----- Information given

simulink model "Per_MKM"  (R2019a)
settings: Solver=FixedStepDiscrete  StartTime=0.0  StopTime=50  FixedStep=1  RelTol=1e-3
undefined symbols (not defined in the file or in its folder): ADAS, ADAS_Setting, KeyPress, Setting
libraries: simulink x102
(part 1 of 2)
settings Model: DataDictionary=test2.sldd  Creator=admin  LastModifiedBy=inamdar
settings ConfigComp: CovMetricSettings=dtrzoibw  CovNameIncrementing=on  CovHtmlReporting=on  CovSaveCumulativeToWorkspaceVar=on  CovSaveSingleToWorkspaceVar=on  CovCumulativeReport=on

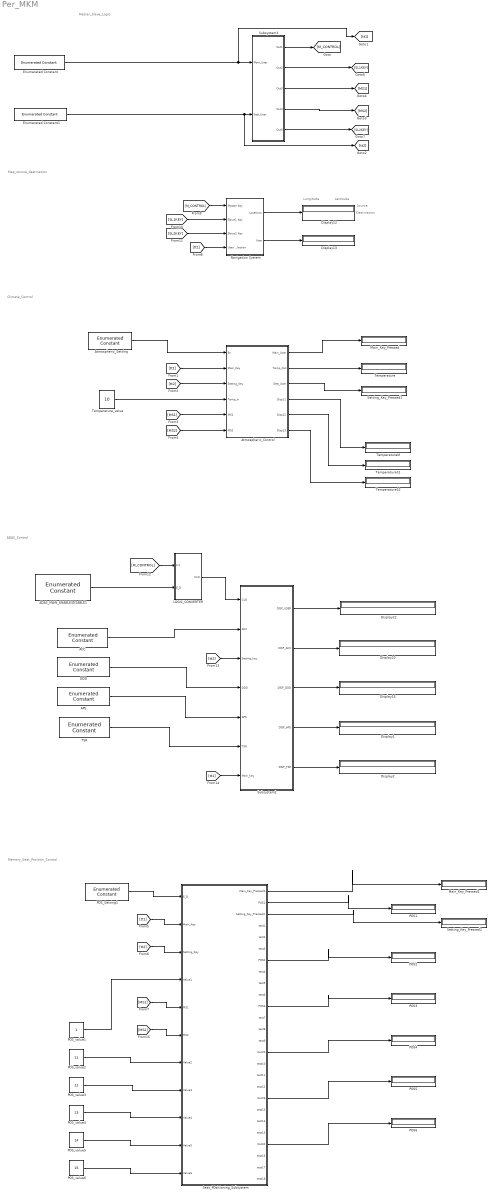
== system Per_MKM ==
  note: Memory_Seat_Position_Control
  note: Master_Slave_Logic
  note: Map_source_destination
  note: Climate_Control
  note: Longitude
  note: Lattitude
  note: Source
  note: Destination
  note: ADAS_Control
  ACC : simulink/Sources/Enumerated Constant  OutDataTypeStr=Enum: ADAS_Setting  Value=ADAS_Setting.Enable  SampleTime=inf
      settings: SourceProductName=Simulink
  ADAS_MAIN_ENABLE/DISABLE1 : simulink/Sources/Enumerated Constant  OutDataTypeStr=Enum: ADAS_Setting  Value=ADAS_Setting.Enable  SampleTime=inf
      settings: SourceProductName=Simulink
  APS : simulink/Sources/Enumerated Constant  OutDataTypeStr=Enum: ADAS_Setting  Value=ADAS_Setting.Enable  SampleTime=inf
      settings: SourceProductName=Simulink
  Atmospheric_Control : Subsystem
  Atmospheric_Setting : simulink/Sources/Enumerated Constant  OutDataTypeStr=Enum: Setting  Value=Setting.Disable  SampleTime=inf
      settings: SourceProductName=Simulink
  DDD : simulink/Sources/Enumerated Constant  OutDataTypeStr=Enum: ADAS_Setting  Value=ADAS_Setting.Enable  SampleTime=inf
      settings: SourceProductName=Simulink
  Display{1..2,12..14,20,22} (7 alike) : Display
  Enumerated Constant : simulink/Sources/Enumerated Constant  OutDataTypeStr=Enum: KeyPress  Value=KeyPress.Master  SampleTime=inf
      settings: SourceProductName=Simulink
  Enumerated Constant1 : simulink/Sources/Enumerated Constant  OutDataTypeStr=Enum: KeyPress  Value=KeyPress.Master  SampleTime=inf
      settings: SourceProductName=Simulink
  LOGIC_CONVERTER : Subsystem
  Main_Key_Pressed : Display
  Main_Key_Pressed1 : Display
  Navigation System : Subsystem
  POS{1..6} (6 alike) : Display
  POS_Setting1 : simulink/Sources/Enumerated Constant  OutDataTypeStr=Enum: Setting  Value=Setting.Disable  SampleTime=inf
      settings: SourceProductName=Simulink
  POS_value1 : Constant  OutDataTypeStr=uint8
  POS_value2 : Constant  Value=11  OutDataTypeStr=uint8
  POS_value3 : Constant  Value=12  OutDataTypeStr=uint8
  POS_value4 : Constant  Value=13  OutDataTypeStr=uint8
  POS_value5 : Constant  Value=14  OutDataTypeStr=uint8
  POS_value6 : Constant  Value=15  OutDataTypeStr=uint8
  Seat_POsitioning_Subsystem : Subsystem
  Setting_Key_Pressed1 : Display
  Setting_Key_Pressed2 : Display
  Subsystem2 : Subsystem
  Subsystem3 : Subsystem
  TSR : simulink/Sources/Enumerated Constant  OutDataTypeStr=Enum: ADAS_Setting  Value=ADAS_Setting.Enable  SampleTime=inf
      settings: SourceProductName=Simulink
  Temperature : Display
  TemperatureM : Display
  TemperatureS1 : Display
  TemperatureS2 : Display
  Temperature_value : Constant  Value=10  OutDataTypeStr=uint8
  wires:
  Enumerated Constant1/1 -> [tt2], Subsystem3/2(Sett_User)
  Navigation System/1(Locations) -> Display12/1
  Navigation System/2(User) -> Display13/1
  Enumerated Constant/1 -> [tt1], Subsystem3/1(Main_User)
  Atmospheric_Setting/1 -> Atmospheric_Control/1(En)
  [tt1] -> Atmospheric_Control/2(Main_Key)
  [tt2] -> Atmospheric_Control/3(Setting_Key)
  Temperature_value/1 -> Atmospheric_Control/4(Temp_In)
  Atmospheric_Control/1(Main_User) -> Main_Key_Pressed/1
  Atmospheric_Control/2(Temp_Out) -> Temperature/1
  Atmospheric_Control/3(Sett_User) -> Setting_Key_Pressed1/1
  [MS1] -> Atmospheric_Control/5("MS1 ")
  [MS2] -> Atmospheric_Control/6(MS2)
  [tt1] -> Navigation System/4(User Selection)
  [M_CONTROL] -> Navigation System/1("Master Key ")
  [SL1KEY] -> Navigation System/2(Slave1 Key)
  [SL2KEY] -> Navigation System/3(Slave2 Key)
  Subsystem2/5(DISP_TSR) -> Display2/1
  Subsystem2/4(DISP_APS) -> Display1/1
  Subsystem2/3(DISP_DDD) -> Display14/1
  Subsystem2/1(DISP_USER) -> Display22/1
  Subsystem2/2(DISP_ACC) -> Display20/1
  [tt1] -> Subsystem2/7(Main_key)
  TSR/1 -> Subsystem2/6(TSR)
  APS/1 -> Subsystem2/5(APS)
  DDD/1 -> Subsystem2/4(DDD)
  [tt2] -> Subsystem2/3(Setting_key)
  ACC/1 -> Subsystem2/2(ACC)
  [M_CONTROL] -> LOGIC_CONVERTER/1(In1)
  ADAS_MAIN_ENABLE/DISABLE1/1 -> LOGIC_CONVERTER/2(E_D)
  LOGIC_CONVERTER/1(CLO) -> Subsystem2/1(CLO)
  Subsystem3/1(Out1) -> [M_CONTROL]
  Subsystem3/2(Out2) -> [SL1KEY]
  Subsystem3/3(Out3) -> [MS1]
  Subsystem3/4(Out4) -> [MS2]
  Subsystem3/5(Out5) -> [SL2KEY]
  Atmospheric_Control/4(Disp11) -> TemperatureM/1
  Atmospheric_Control/5(Disp12) -> TemperatureS1/1
  Atmospheric_Control/6(Disp13) -> TemperatureS2/1
  POS_Setting1/1 -> Seat_POsitioning_Subsystem/1(E_D)
  [tt1] -> Seat_POsitioning_Subsystem/2(Main_Key)
  [tt2] -> Seat_POsitioning_Subsystem/3(Setting_Key)
  POS_value1/1 -> Seat_POsitioning_Subsystem/4(Value1)
  [MS1] -> Seat_POsitioning_Subsystem/5(MS1)
  [MS2] -> Seat_POsitioning_Subsystem/6(MS2)
  POS_value2/1 -> Seat_POsitioning_Subsystem/7(Value2)
  POS_value3/1 -> Seat_POsitioning_Subsystem/8(Value3)
  POS_value4/1 -> Seat_POsitioning_Subsystem/9(Value4)
  POS_value5/1 -> Seat_POsitioning_Subsystem/10(Value5)
  POS_value6/1 -> Seat_POsitioning_Subsystem/11(Value6)
  Seat_POsitioning_Subsystem/1(Main_Key_Pressed1) -> Main_Key_Pressed1/1
  Seat_POsitioning_Subsystem/2(POS1) -> POS1/1
  Seat_POsitioning_Subsystem/3(Setting_Key_Pressed2) -> Setting_Key_Pressed2/1
  Seat_POsitioning_Subsystem/7(POS2) -> POS2/1
  Seat_POsitioning_Subsystem/11(POS3) -> POS3/1
  Seat_POsitioning_Subsystem/15(Out20) -> POS4/1
  Seat_POsitioning_Subsystem/19(Out26) -> POS5/1
  Seat_POsitioning_Subsystem/23(Out32) -> POS6/1

== system Per_MKM/Atmospheric_Control ==
  En : Inport
  Main_Key : Inport  Port=2
  Setting_Key : Inport  Port=3
  Temp_In : Inport  Port=4
  "MS1 " : Inport  Port=5
  MS2 : Inport  Port=6
  Data Store Memory4 : DataStoreMemory  DataStoreName=TeM  ReadBeforeWriteMsg=warning  WriteAfterWriteMsg=warning  WriteAfterReadMsg=warning  ShowAdditionalParam=off  OutDataTypeStr=uint8
  Data Store Memory6 : DataStoreMemory  DataStoreName=TeS1  ReadBeforeWriteMsg=warning  WriteAfterWriteMsg=warning  WriteAfterReadMsg=warning  ShowAdditionalParam=off  OutDataTypeStr=uint8
  Data Store Memory7 : DataStoreMemory  DataStoreName=TeS2  ReadBeforeWriteMsg=warning  WriteAfterWriteMsg=warning  WriteAfterReadMsg=warning  ShowAdditionalParam=off  OutDataTypeStr=uint8
  Data Type Conversion1 : DataTypeConversion
  Data Type Conversion2 : DataTypeConversion
  Subsystem3 : Subsystem
  Subsystem4 : Subsystem
  Main_User : Outport
  Temp_Out : Outport  Port=2
  Sett_User : Outport  Port=3
  Disp11 : Outport  Port=4
  Disp12 : Outport  Port=5
  Disp13 : Outport  Port=6
  wires:
  Data Type Conversion2/1 -> Subsystem3/Enable
  Setting_Key/1 -> Subsystem3/1(In1)
  Subsystem4/1(Out1) -> Main_User/1
  Temp_In/1 -> Subsystem3/2(In2)
  Main_Key/1 -> Data Type Conversion1/1, Subsystem4/1(In1)
  Subsystem4/2(Out2) -> Temp_Out/1
  En/1 -> Data Type Conversion2/1
  MS2/1 -> Subsystem3/4(MS22)
  "MS1 "/1 -> Subsystem3/3(MS11)
  Subsystem3/1(Output) -> Sett_User/1
  Subsystem3/4(Disp3) -> Disp13/1
  Subsystem3/3(Disp2) -> Disp12/1
  Subsystem3/2(Disp1) -> Disp11/1
  Data Type Conversion1/1 -> Subsystem3/5(TT1)

== system Per_MKM/LOGIC_CONVERTER ==
  In1 : Inport
  E_D : Inport  Port=2
  AND1 : Logic  AllPortsSameDT=off  OutDataTypeStr=boolean
  Compare To Constant1 : simulink/Logic and Bit Operations/Compare To Constant  relop===  const=1  OutDataTypeStr=boolean
  Data Type Conversion2 : DataTypeConversion
  CLO : Outport
  wires:
  E_D/1 -> Data Type Conversion2/1
  Data Type Conversion2/1 -> Compare To Constant1/1
  Compare To Constant1/1 -> AND1/2
  In1/1 -> AND1/1
  AND1/1 -> CLO/1

== system Per_MKM/Navigation System ==
  "Master Key " : Inport
  Slave1 Key : Inport  Port=2
  Slave2 Key : Inport  Port=3
  User Selection : Inport  Port=4
  Subsystem2 : Subsystem
  Locations : Outport
  User : Outport  Port=2
  wires:
  "Master Key "/1 -> Subsystem2/1(In1)
  User Selection/1 -> User/1
  Slave1 Key/1 -> Subsystem2/2(In2)
  Slave2 Key/1 -> Subsystem2/3(In3)
  Subsystem2/1(Out1) -> Locations/1

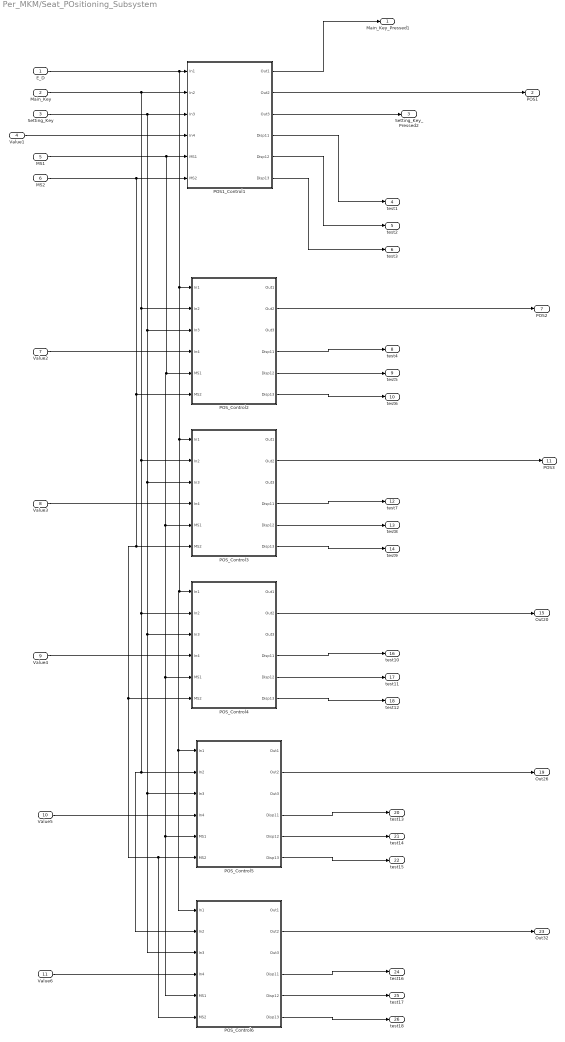
== system Per_MKM/Seat_POsitioning_Subsystem ==
  E_D : Inport
  Main_Key : Inport  Port=2
  Setting_Key : Inport  Port=3
  Value1 : Inport  Port=4
  MS1 : Inport  Port=5
  MS2 : Inport  Port=6
  Value2 : Inport  Port=7
  Value3 : Inport  Port=8
  Value4 : Inport  Port=9
  Value5 : Inport  Port=10
  Value6 : Inport  Port=11
  POS1_Control1 : Subsystem
  POS_Control2 : Subsystem
  POS_Control3 : Subsystem
  POS_Control4 : Subsystem
  POS_Control5 : Subsystem
  POS_Control6 : Subsystem
  Main_Key_Pressed1 : Outport
  POS1 : Outport  Port=2
  Setting_Key_Pressed2 : Outport  Port=3
  test1 : Outport  Port=4
  test2 : Outport  Port=5
  test3 : Outport  Port=6
  POS2 : Outport  Port=7
  test4 : Outport  Port=8
  test5 : Outport  Port=9
  test6 : Outport  Port=10
  POS3 : Outport  Port=11
  test7 : Outport  Port=12
  test8 : Outport  Port=13
  test9 : Outport  Port=14
  Out20 : Outport  Port=15
  test10 : Outport  Port=16
  test11 : Outport  Port=17
  test12 : Outport  Port=18
  Out26 : Outport  Port=19
  test13 : Outport  Port=20
  test14 : Outport  Port=21
  test15 : Outport  Port=22
  Out32 : Outport  Port=23
  test16 : Outport  Port=24
  test17 : Outport  Port=25
  test18 : Outport  Port=26
  wires:
  POS1_Control1/4(Disp11) -> test1/1
  MS1/1 -> POS_Control6/5("MS1 "), POS_Control5/5("MS1 "), POS_Control4/5("MS1 "), POS_Control3/5("MS1 "), POS_Control2/5("MS1 "), POS1_Control1/5("MS1 ")
  Setting_Key/1 -> POS_Control6/3(In3), POS_Control5/3(In3), POS_Control4/3(In3), POS_Control3/3(In3), POS_Control2/3(In3), POS1_Control1/3(In3)
  POS_Control3/4(Disp11) -> test7/1
  Main_Key/1 -> POS_Control6/2(In2), POS_Control5/2(In2), POS_Control4/2(In2), POS_Control3/2(In2), POS_Control2/2(In2), POS1_Control1/2(In2)
  E_D/1 -> POS_Control6/1(In1), POS_Control5/1(In1), POS_Control4/1(In1), POS_Control3/1(In1), POS_Control2/1(In1), POS1_Control1/1(In1)
  MS2/1 -> POS_Control6/6(MS2), POS_Control5/6(MS2), POS_Control4/6(MS2), POS_Control3/6(MS2), POS_Control2/6(MS2), POS1_Control1/6(MS2)
  Value1/1 -> POS1_Control1/4(In4)
  POS_Control6/4(Disp11) -> test16/1
  POS_Control3/6(Disp13) -> test9/1
  POS_Control3/2(Out2) -> POS3/1
  POS1_Control1/3(Out3) -> Setting_Key_Pressed2/1
  Value6/1 -> POS_Control6/4(In4)
  Value2/1 -> POS_Control2/4(In4)
  POS_Control2/5(Disp12) -> test5/1
  POS_Control2/6(Disp13) -> test6/1
  Value3/1 -> POS_Control3/4(In4)
  POS1_Control1/6(Disp13) -> test3/1
  POS1_Control1/1(Out1) -> Main_Key_Pressed1/1
  POS_Control5/5(Disp12) -> test14/1
  POS_Control5/6(Disp13) -> test15/1
  POS_Control2/2(Out2) -> POS2/1
  Value5/1 -> POS_Control5/4(In4)
  POS_Control2/4(Disp11) -> test4/1
  POS_Control3/5(Disp12) -> test8/1
  POS_Control4/4(Disp11) -> test10/1
  POS_Control4/5(Disp12) -> test11/1
  Value4/1 -> POS_Control4/4(In4)
  POS_Control6/5(Disp12) -> test17/1
  POS_Control4/6(Disp13) -> test12/1
  POS_Control5/2(Out2) -> Out26/1
  POS_Control4/2(Out2) -> Out20/1
  POS_Control6/6(Disp13) -> test18/1
  POS1_Control1/2(Out2) -> POS1/1
  POS_Control6/2(Out2) -> Out32/1
  POS1_Control1/5(Disp12) -> test2/1
  POS_Control5/4(Disp11) -> test13/1

== system Per_MKM/Subsystem2 ==
  CLO : Inport
  ACC : Inport  Port=2
  Setting_key : Inport  Port=3
  DDD : Inport  Port=4
  APS : Inport  Port=5
  TSR : Inport  Port=6
  Main_key : Inport  Port=7
  Data Store Memory : DataStoreMemory  DataStoreName=ADAS_M  ReadBeforeWriteMsg=warning  WriteAfterWriteMsg=warning  WriteAfterReadMsg=warning  ShowAdditionalParam=off
  Data Store Memory1 : DataStoreMemory  DataStoreName=ADAS_S1  ReadBeforeWriteMsg=warning  WriteAfterWriteMsg=warning  WriteAfterReadMsg=warning  ShowAdditionalParam=off
  Data Store Memory10 : DataStoreMemory  DataStoreName=ADAS_S13  ReadBeforeWriteMsg=warning  WriteAfterWriteMsg=warning  WriteAfterReadMsg=warning  ShowAdditionalParam=off
  Data Store Memory11 : DataStoreMemory  DataStoreName=ADAS_S23  ReadBeforeWriteMsg=warning  WriteAfterWriteMsg=warning  WriteAfterReadMsg=warning  ShowAdditionalParam=off
  Data Store Memory2 : DataStoreMemory  DataStoreName=ADAS_S2  ReadBeforeWriteMsg=warning  WriteAfterWriteMsg=warning  WriteAfterReadMsg=warning  ShowAdditionalParam=off
  Data Store Memory3 : DataStoreMemory  DataStoreName=ADAS_M1  ReadBeforeWriteMsg=warning  WriteAfterWriteMsg=warning  WriteAfterReadMsg=warning  ShowAdditionalParam=off
  Data Store Memory4 : DataStoreMemory  DataStoreName=ADAS_S11  ReadBeforeWriteMsg=warning  WriteAfterWriteMsg=warning  WriteAfterReadMsg=warning  ShowAdditionalParam=off
  Data Store Memory5 : DataStoreMemory  DataStoreName=ADAS_S21  ReadBeforeWriteMsg=warning  WriteAfterWriteMsg=warning  WriteAfterReadMsg=warning  ShowAdditionalParam=off
  Data Store Memory6 : DataStoreMemory  DataStoreName=ADAS_M2  ReadBeforeWriteMsg=warning  WriteAfterWriteMsg=warning  WriteAfterReadMsg=warning  ShowAdditionalParam=off
  Data Store Memory7 : DataStoreMemory  DataStoreName=ADAS_S12  ReadBeforeWriteMsg=warning  WriteAfterWriteMsg=warning  WriteAfterReadMsg=warning  ShowAdditionalParam=off
  Data Store Memory8 : DataStoreMemory  DataStoreName=ADAS_S22  ReadBeforeWriteMsg=warning  WriteAfterWriteMsg=warning  WriteAfterReadMsg=warning  ShowAdditionalParam=off
  Data Store Memory9 : DataStoreMemory  DataStoreName=ADAS_M3  ReadBeforeWriteMsg=warning  WriteAfterWriteMsg=warning  WriteAfterReadMsg=warning  ShowAdditionalParam=off
  Subsystem : Subsystem
  Subsystem1 : Subsystem
  Subsystem8 : Subsystem
  DISP_USER : Outport
  DISP_ACC : Outport  Port=2
  DISP_DDD : Outport  Port=3
  DISP_APS : Outport  Port=4
  DISP_TSR : Outport  Port=5
  wires:
  CLO/1 -> Subsystem8/Enable, [LOGIC_DISPLAY]
  TSR/1 -> Subsystem8/5(In5)
  APS/1 -> Subsystem8/4(In4)
  DDD/1 -> Subsystem8/3(In3)
  Setting_key/1 -> Subsystem8/2(In2)
  ACC/1 -> Subsystem8/1(In1)
  Main_key/1 -> Subsystem/1(In1), Subsystem1/7(In7)
  Subsystem8/1(Out1) -> Subsystem1/1(In1)
  [LOGIC_DISPLAY] -> Subsystem1/2(In2)
  Subsystem8/2(Out2) -> Subsystem1/3(In3)
  Subsystem8/3(Out3) -> Subsystem1/4(In4)
  Subsystem8/4(Out4) -> Subsystem1/5(In5)
  Subsystem8/5(Out5) -> Subsystem1/6(In6)
  Subsystem/1(Out1) -> Subsystem1/8(In8)
  Subsystem/2(Out2) -> Subsystem1/9(In9)
  Subsystem/3(Out3) -> Subsystem1/10(In10)
  Subsystem/4(Out4) -> Subsystem1/11(In11)
  Subsystem1/1(Out1) -> DISP_USER/1
  Subsystem1/2(Out2) -> DISP_ACC/1
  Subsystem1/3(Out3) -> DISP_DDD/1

----------

Task to complete => When the line with "ACC/1 -> Subsystem8/1(In1)" is reached in the data above, start copying there, and copy each line exactly until the line with "Subsystem/1(Out1) -> Subsystem1/8(In8)" has been copied; copy nothing else.

Exercise response =>
  ACC/1 -> Subsystem8/1(In1)
  Main_key/1 -> Subsystem/1(In1), Subsystem1/7(In7)
  Subsystem8/1(Out1) -> Subsystem1/1(In1)
  [LOGIC_DISPLAY] -> Subsystem1/2(In2)
  Subsystem8/2(Out2) -> Subsystem1/3(In3)
  Subsystem8/3(Out3) -> Subsystem1/4(In4)
  Subsystem8/4(Out4) -> Subsystem1/5(In5)
  Subsystem8/5(Out5) -> Subsystem1/6(In6)
  Subsystem/1(Out1) -> Subsystem1/8(In8)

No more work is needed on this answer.